1. Nopers unregistered

Wait for the complaints that it's biased towards iOS because the scores didn't change much whereas android scores all went down, by a large margin on the Exynos 8890 and Snapdragon 820.

15. Finalflash

Posts: 4063; Member since: Jul 23, 2013

Yea, the iGasms will be real at least for the first week or so. The SD810 and SD820 seem to be scoring lower than the SD801 and SD805 chips in Geekbench 4. This usually means there is something wrong with the benchmark rather than the processors. Here are the benchmarks from their own website: (single/multi averages) Z5 Compact (8 cores SD 810, 4 big 4 small) 1300/2200 Nexus 6P (8 core SD 810, 4 big 4 small) 1300/3200 (the multi scores range from 2200-4000 for the 6P) HTC 10 (4 cores SD 820, 2 big, 2 small) 1300/2500 (once again, variance on multicore is between 2300-3900) HTC M8 (8 cores, SD 805, 4 big, 4 small) 1100/2800 (variance on multi is about 2400-3000) LG Nexus 5 (4 cores SD800) 1100/2500 OnePlus One (4 cores, SD 801) 1050/2700 So yea, just from those alone, this is several degress of messed up. It is likely a problem with the benchmark rather than the chips and so they will likely fix it soon enough, with real benchmarks coming shortly after. If not, then likely the benchmark is worthless because apparently the Nexus 5 beats the Nexus 6P and other devices from last year in several instances consistently.

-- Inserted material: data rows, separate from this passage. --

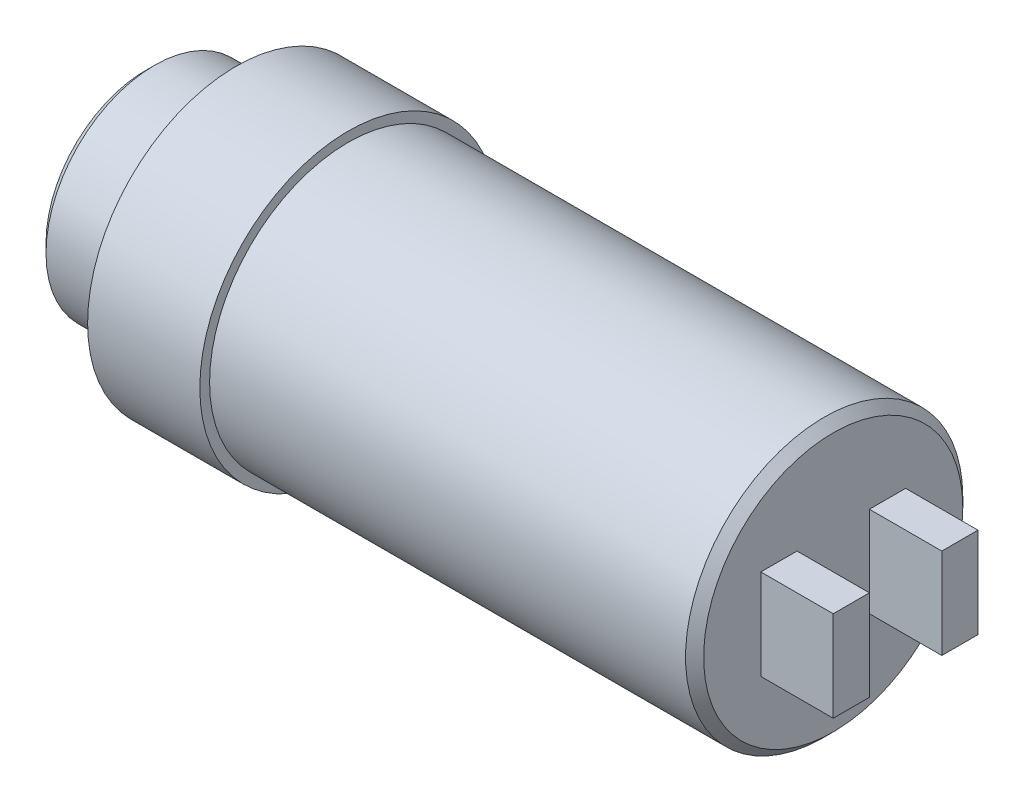
from build123d import *

# Parameters (mm, degrees)
SKETCH2_R           = 1.75
CUT_EXTRUDE1_DEPTH  = 17
SKETCH3_W           = 1
SKETCH3_H           = 2.5
BOSS_EXTRUDE1_DEPTH = 2
CHAMFER1_SIZE       = 0.25
BOSS_EXTRUDE2_START = -3.1
SKETCH5_R           = 4.10031535
SKETCH5_R_2         = 3.83
BOSS_EXTRUDE2_DEPTH = 3.1


with BuildPart() as part:
    # Sketch1 → Revolve1 (revolve)
    with BuildSketch(Plane(origin=(0, 0, 0), x_dir=(1, 0, 0), z_dir=(0, 1, 0))):
        Polygon((0, 0), (0, 3), (2.5, 3), (2.5, 3.83), (19, 3.83), (19, 0), align=None)
    revolve(axis=Axis((19, 0, 0), (-1, 0, 0)))

    # Sketch2 → Cut-Extrude1 (cut)
    with BuildSketch(Plane.ZY):
        Circle(SKETCH2_R)
    extrude(amount=-CUT_EXTRUDE1_DEPTH, mode=Mode.SUBTRACT)

    # Sketch3 → Boss-Extrude1 (add)
    with BuildSketch(Plane(origin=(19, 0, 0), x_dir=(0, 0, -1), z_dir=(1, 0, 0))):
        with Locations((-1.5, 0)):
            Rectangle(SKETCH3_W, SKETCH3_H)
        with Locations((1.5, 0)):
            Rectangle(SKETCH3_W, SKETCH3_H)
    extrude(amount=BOSS_EXTRUDE1_DEPTH)

    # Chamfer1
    chamfer1_edges = [part.edges().sort_by_distance(p)[0] for p in [
        (19, 0, 3.83),
        (0, 0, 3),
        (0, 0, -1.75),
    ]]
    chamfer(chamfer1_edges, length=CHAMFER1_SIZE)

    # Sketch5 → Boss-Extrude2 (add)
    with BuildSketch(Plane.ZY.offset(-2.5).offset(BOSS_EXTRUDE2_START)):
        Circle(SKETCH5_R)
        Circle(SKETCH5_R_2, mode=Mode.SUBTRACT)
    extrude(amount=BOSS_EXTRUDE2_DEPTH)


solid = part.part

17. sarcastic_nerd unregistered

It just means that the HTC 10 is throttling hardcore. I ran the test 3 times on my OP3 and got 4050, 4060 and 4043 in multi core and 1710, 1723 and 1720 in single core. The scores and the benchmark are fine.

25. Finalflash

Posts: 4063; Member since: Jul 23, 2013

There isn't any throttling going on though and neither does it heat up. You can track the numbers and the processor frequency doesn't stutter at all. The numbers are wildly different for no real discernible reason across the same devices and different devices. Also, it seems as though the benchmark doesn't use all the cores in the SD chips. It only seems to be using the big clusters and not the little clusters it seems.

26. sarcastic_nerd unregistered

That's just the frequency CPU is rated at. 820 will report 1.59 GHz even before you running the test. And there's no way to get 1700 in single and 4000 on multi from. 2 cores.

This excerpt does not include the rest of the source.